Problem requirements – There is material below. Print exactly the lines starting at the line with "50.9185041026), (-6.1706380254, 44.2082309699))" and ending at the line with "31.7654939741), (-39.5897412392, 38.1144208726))", ends included, and no others.

========================================================================

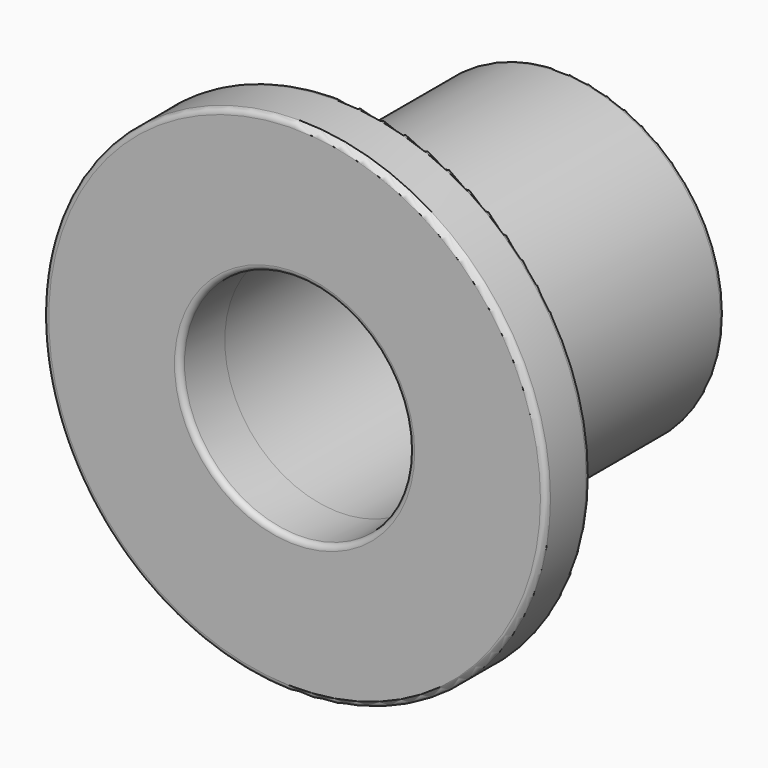
from build123d import *

# Parameters (mm, degrees)
F0_R     = 9
F0_R_2   = 5.8
F0_R_3   = 4.1
F1_DEPTH = 2
F2_DEPTH = 10
F3_R     = 0.2


# Not quite as in the source:
# - a feature names something its author has since deleted; it is built from what else it names


with BuildPart() as f1:
    # F0 (on Front) → F1 (new body)
    with BuildSketch(Plane.XZ):
        Circle(F0_R)
        Circle(F0_R_2, mode=Mode.SUBTRACT)
        Circle(F0_R_2)
        Circle(F0_R_3, mode=Mode.SUBTRACT)
    extrude(amount=F1_DEPTH)

    # F0 (on Front) → F2 (join)
    with BuildSketch(Plane.XZ):
        Circle(F0_R_2)
        Circle(F0_R_3, mode=Mode.SUBTRACT)
    extrude(amount=-F2_DEPTH)

    # F3
    f3_edges = [f1.edges().sort_by_distance(p)[0] for p in [
        (-9, 0, 0),
        (-9, -2, 0),
        (5.8, 5, 0),
        (-5.8, 0, 0),
        (-5.8, 10, 0),
        (-4.1, 10, 0),
        (-4.1, -2, 0),
    ]]
    fillet(f3_edges, radius=F3_R)


solid = f1.part
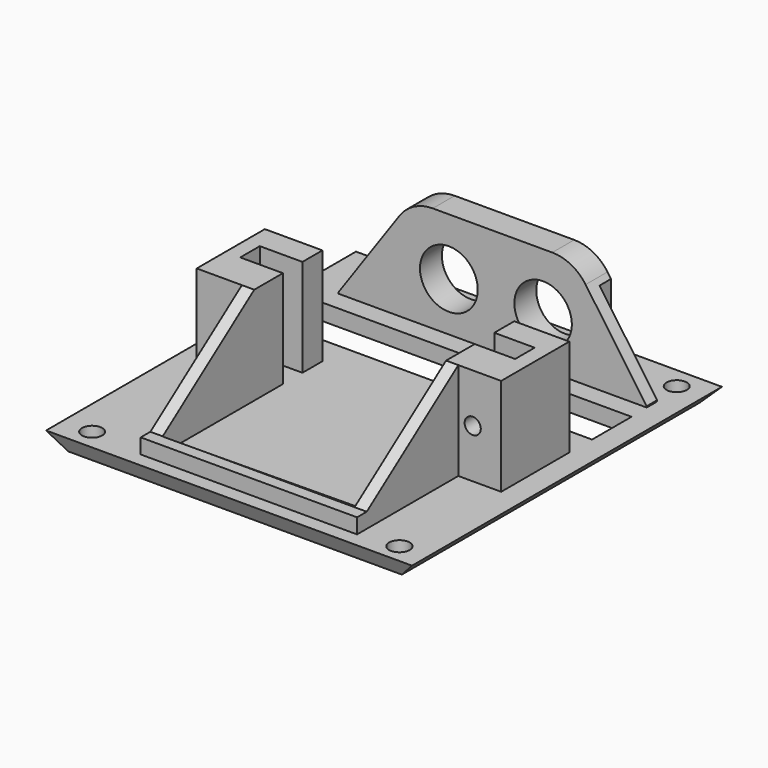
from build123d import *

# Parameters (mm, degrees)
F0_W         = 44.9817739427
F0_H         = 49.7469753027
F3_DEPTH     = 2
F4_DEPTH     = 12
F2_W         = 37.9821762908
F2_H         = 6.06366992
F5_DEPTH     = 6.6
F6_DEPTH     = 13
F7_R         = 3.5309507028
F7_R_2       = 3.55
F8_DEPTH     = 5
F9_SIZE2     = 12.8533320607
F9_SIZE      = 9
F10_R        = 5
F11_R        = 0.9934278603
F12_DEPTH    = 11
F13_R        = 0.9970874125
F14_DEPTH    = 11
F15_R        = 1.25
F15_R_2      = 1.261860196
F16_DEPTH    = 4
F18_DEPTH    = 29.1
F19_SIZE     = 1.99999
F20_T1_DEPTH = 63.2072532601


# Not quite as in the source:
# - a fillet or chamfer that OpenCascade refuses, or shapes differently, is made with other operations: its cross-section is extruded or revolved along the edge and cut away or added
# - a fillet or chamfer is up to 0.001 mm smaller than in the source, because OpenCascade refuses the exact size


with BuildPart() as f3:
    # F0 (on Top) → F3 (new body)
    with BuildSketch(Plane.XY):
        with Locations((-22.4908869714, 24.8734876513)):
            Rectangle(F0_W, F0_H)
    extrude(amount=-F3_DEPTH)

    # F1 (on face) → F4 (join)
    with BuildSketch(Plane.XY):
        Polygon((-9.6775945276, 22.7995335534), (-9.6775945276, 4.4446666725), (-33.2585461438, 4.2995335534), (-33.2585461438, 22.7995335534), (-38.4990237653, 22.7995335534), (-38.4990237653, 25.7995335534), (-33.2585461438, 25.7995335534), (-33.2585461438, 28.8677942008), (-40.3328314424, 28.8677942008), (-40.3328314424, 18.3987934142), (-34.7744636238, 18.3987934142), (-34.7744636238, 2.8445292264), (-8.1775945276, 2.8445292264), (-8.1775945276, 18.3987934142), (-2.9087525018, 18.3987934142), (-2.9087525018, 28.8677942008), (-9.6775945276, 28.8677942008), (-9.6775945276, 25.7995335534), (-4.7087525018, 25.7995335534), (-4.7087525018, 22.7995335534), align=None)
    extrude(amount=F4_DEPTH)

    # F2 (on Top) → F5 (cut)
    with BuildSketch(Plane.XY):
        with Locations((-21.8701980775, 35.3616550565)):
            Rectangle(F2_W, F2_H)
    extrude(amount=-F5_DEPTH, mode=Mode.SUBTRACT)

    # F1 (on face) → F6 (join)
    with BuildSketch(Plane.XY):
        Polygon((-40.8417806029, 42.3996723965), (-40.8417806029, 40.7995335534), (-2.9438226484, 40.7995335534), (-2.9438226484, 42.3996723965), (-10.0181093439, 42.3996723965), (-10.0181093439, 44.1682427898), (-33.2621894777, 44.1682427898), (-33.2621894777, 42.3996723965), align=None)
    extrude(amount=F6_DEPTH)

    # F7 (on face) → F8 (cut)
    with BuildSketch(Plane(origin=(0, 44.1682427898, 0), x_dir=(-1, 0, 0), z_dir=(0, 1, 0))):
        with Locations((15.6775945276, 6)):
            Circle(F7_R)
        with Locations((27.2585461438, 6)):
            Circle(F7_R_2)
    extrude(amount=-F8_DEPTH, mode=Mode.SUBTRACT)

    # F9
    f9_edges = [f3.edges().sort_by_distance(p)[0] for p in [
        (-40.841781, 41.599603, 13),
        (-2.943823, 41.599603, 13),
    ]]
    f9_side = f3.faces().sort_by_distance((-21.790726, 42.280107, 13))[0]
    chamfer(f9_edges, length=F9_SIZE, length2=F9_SIZE2, reference=f9_side)

    # F10
    f10_edges = [f3.edges().sort_by_distance(p)[0] for p in [
        (-11.943823, 42.483888, 13),
        (-31.841781, 42.483888, 13),
    ]]
    fillet(f10_edges, radius=F10_R)

    # F11 (on face) → F12 (cut)
    with BuildSketch(Plane(origin=(0, 28.8677942008, 0), x_dir=(-1, 0, 0), z_dir=(0, 1, 0))):
        with Locations((6.41001435, 6)):
            Circle(F11_R)
    extrude(amount=-F12_DEPTH, mode=Mode.SUBTRACT)

    # F13 (on face) → F14 (cut)
    with BuildSketch(Plane(origin=(0, 28.8677942008, 0), x_dir=(-1, 0, 0), z_dir=(0, 1, 0))):
        with Locations((36.6457030177, 6)):
            Circle(F13_R)
    extrude(amount=-F14_DEPTH, mode=Mode.SUBTRACT)

    # F15 (on face) → F16 (cut)
    with BuildSketch(Plane(origin=(0, 0, -2), x_dir=(1, 0, 0), z_dir=(0, 0, -1))):
        with Locations((-41.3694195449, -3.6203172058)):
            Circle(F15_R)
        with Locations((-3.4651088063, -3.4644450061)):
            Circle(F15_R_2)
        with Locations((-41.3694195449, -46.0678450763)):
            Circle(F15_R)
        with Locations((-3.4651088063, -46.0678450763)):
            Circle(F15_R)
    extrude(amount=-F16_DEPTH, mode=Mode.SUBTRACT)

    # F17 (on face) → F18 (cut)
    with BuildSketch(Plane(origin=(-34.7744636238, 0, 0), x_dir=(0, -1, 0), z_dir=(-1, 0, 0))):
        Polygon((-2.8445292264, 12), (-18.3987934142, 12), (-4.3348377745, 1.8491647206), (-2.8445292264, 1.8491647206), align=None)
    extrude(amount=-F18_DEPTH, mode=Mode.SUBTRACT)

    # F19 (size 2 in the source; OpenCascade refuses exactly that, so slightly less here)
    f19_edges = [f3.edges().sort_by_distance(p)[0] for p in [
        (-44.981774, 24.873488, -2),
        (0, 24.873488, -2),
    ]]
    chamfer(f19_edges, length=F19_SIZE)

    # F20: chamfer of 2 x 4.289013841 on 2 edges, made by hand

    # F20_s2 → F20_t1 (cut)
    with BuildSketch(Plane.YZ.offset(-54.0945136014)):
        Polygon((2, -2), (0, 2.289013841), (0, -2), align=None)
        Polygon((47.7469753027, -2), (49.7469753027, 2.289013841), (49.7469753027, -2), align=None)
    extrude(amount=F20_T1_DEPTH, mode=Mode.SUBTRACT)


solid = f3.part
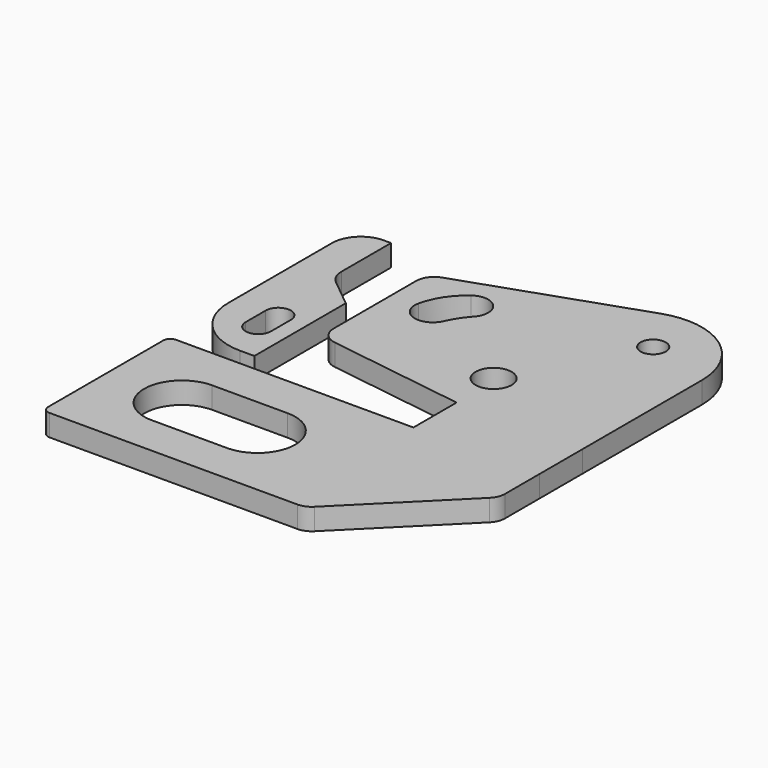
from build123d import *

# Parameters (mm, degrees)
F0_R     = 5
F0_R_2   = 3.500004939
F1_DEPTH = 6


# Not quite as in the source:
# - a feature names something its author has since deleted; it is built from what else it names


with BuildPart() as f1:
    # F0 (on Top) → F1 (new body)
    with BuildSketch(Plane.XY):
        with BuildLine():
            Line((16.1606259644, -4.6810654402), (-49.79929021, -4.6810654402))
            ThreePointArc((-49.79929021, -4.6810654402), (-51.2135037724, -5.2668518778), (-51.79929021, -6.6810654402))
            Line((-51.79929021, -6.6810654402), (-51.79929021, -46.6810654402))
            ThreePointArc((-51.79929021, -46.6810654402), (-51.2135037724, -48.0952790026), (-49.79929021, -48.6810654402))
            Line((-49.79929021, -48.6810654402), (19.1248844436, -48.6810654402))
            ThreePointArc((19.1248844436, -48.6810654402), (21.036564704, -48.3011821684), (22.6577588236, -47.219256873))
            Line((22.6577588236, -47.219256873), (49.73358417, -20.1841199958))
            ThreePointArc((49.73358417, -20.1841199958), (50.8193877339, -18.5610823557), (51.20070979, -16.6459285629))
            Line((51.20070979, -16.6459285629), (51.20070979, -4.6810654402))
            Line((51.20070979, -4.6810654402), (51.1966860054, 10.3189345598))
            Line((51.1966860054, 10.3189345598), (51.1855687764, 51.762116243))
            ThreePointArc((51.1855687764, 51.762116243), (42.7975370702, 68.0405532426), (24.6744211265, 70.6671966416))
            Line((24.6744211265, 70.6671966416), (-23.1247563194, 54.2092270392))
            ThreePointArc((-23.1247563194, 54.2092270392), (-25.5108689481, 52.3786930394), (-26.4153077682, 49.5105266177))
            Line((-26.4153077682, 49.5105266177), (-26.4153077682, 20.7971311183))
            ThreePointArc((-26.4153077682, 20.7971311183), (-25.1454430856, 17.4675529898), (-21.9808715626, 15.8292203306))
            Line((-21.9808715626, 15.8292203306), (16.1606259644, 10.3189345598))
            Line((16.1606259644, 10.3189345598), (16.1606259644, -4.6810654402))
        make_face()
        with BuildLine():
            ThreePointArc((-30.3327057958, -37.5000230521), (-40.8327057958, -27.0000230521), (-30.3327057958, -16.5000230521))
            Line((-30.3327057958, -16.5000230521), (-9.3327057958, -16.5000230521))
            ThreePointArc((-9.3327057958, -16.5000230521), (1.1672942042, -27.0000230521), (-9.3327057958, -37.5000230521))
            Line((-9.3327057958, -37.5000230521), (-30.3327057958, -37.5000230521))
        make_face(mode=Mode.SUBTRACT)
        with BuildLine():
            ThreePointArc((-9.9462399779, 38.4116526327), (-16.0676429129, 35.6625089912), (-19.4117133222, 41.4802884432))
            ThreePointArc((-19.4117133222, 41.4802884432), (-17.0396688443, 47.1598668703), (-12.8037057075, 51.6253816691))
            ThreePointArc((-12.8037057075, 51.6253816691), (-6.1306487798, 50.9185041026), (-6.1706380254, 44.2082309699))
            ThreePointArc((-6.1706380254, 44.2082309699), (-8.2969904977, 41.4653223451), (-9.9462399779, 38.4116526327))
        make_face(mode=Mode.SUBTRACT)
        with Locations((15.3547544032, 24.1966232508)):
            Circle(F0_R, mode=Mode.SUBTRACT)
        with Locations((33.151564105, 57.4042351962)):
            Circle(F0_R_2, mode=Mode.SUBTRACT)
    extrude(amount=F1_DEPTH)


with BuildPart() as f1b:
    # F0 (on Top) → F1, piece 2 (new body)
    with BuildSketch(Plane.XY):
        with BuildLine():
            Line((-31.79929021, 0), (-31.79929021, 31.7654939741))
            Line((-31.79929021, 31.7654939741), (-39.5897412392, 38.1144208726))
            ThreePointArc((-39.5897412392, 38.1144208726), (-41.2188246077, 40.1908780974), (-41.79929021, 42.7654939741))
            Line((-41.79929021, 42.7654939741), (-41.79929021, 60))
            Line((-41.79929021, 60), (-43.79929021, 60))
            ThreePointArc((-43.79929021, 60), (-49.4561444595, 57.6568542495), (-51.79929021, 52))
            Line((-51.79929021, 52), (-51.79929021, 16))
            ThreePointArc((-51.79929021, 16), (-47.112998709, 4.686291501), (-35.79929021, 0))
            Line((-35.79929021, 0), (-31.79929021, 0))
        make_face()
        with BuildLine():
            ThreePointArc((-43.2216169983, 18.230368793), (-39.7216169983, 21.730368793), (-36.2216169983, 18.230368793))
            Line((-36.2216169983, 18.230368793), (-36.2216169983, 11.2746311097))
            ThreePointArc((-36.2216169983, 11.2746311097), (-39.7216169983, 7.7746311097), (-43.2216169983, 11.2746311097))
            Line((-43.2216169983, 11.2746311097), (-43.2216169983, 18.230368793))
        make_face(mode=Mode.SUBTRACT)
    extrude(amount=F1_DEPTH)


with BuildPart() as f2_1:
    # F2: copy of F1b
    add(f1b.part)


solid = Compound([f1.part, f1b.part, f2_1.part])

========================================================================

Result for this exercise –
            ThreePointArc((-12.8037057075, 51.6253816691), (-6.1306487798, 50.9185041026), (-6.1706380254, 44.2082309699))
            ThreePointArc((-6.1706380254, 44.2082309699), (-8.2969904977, 41.4653223451), (-9.9462399779, 38.4116526327))
        make_face(mode=Mode.SUBTRACT)
        with Locations((15.3547544032, 24.1966232508)):
            Circle(F0_R, mode=Mode.SUBTRACT)
        with Locations((33.151564105, 57.4042351962)):
            Circle(F0_R_2, mode=Mode.SUBTRACT)
    extrude(amount=F1_DEPTH)


with BuildPart() as f1b:
    # F0 (on Top) → F1, piece 2 (new body)
    with BuildSketch(Plane.XY):
        with BuildLine():
            Line((-31.79929021, 0), (-31.79929021, 31.7654939741))
            Line((-31.79929021, 31.7654939741), (-39.5897412392, 38.1144208726))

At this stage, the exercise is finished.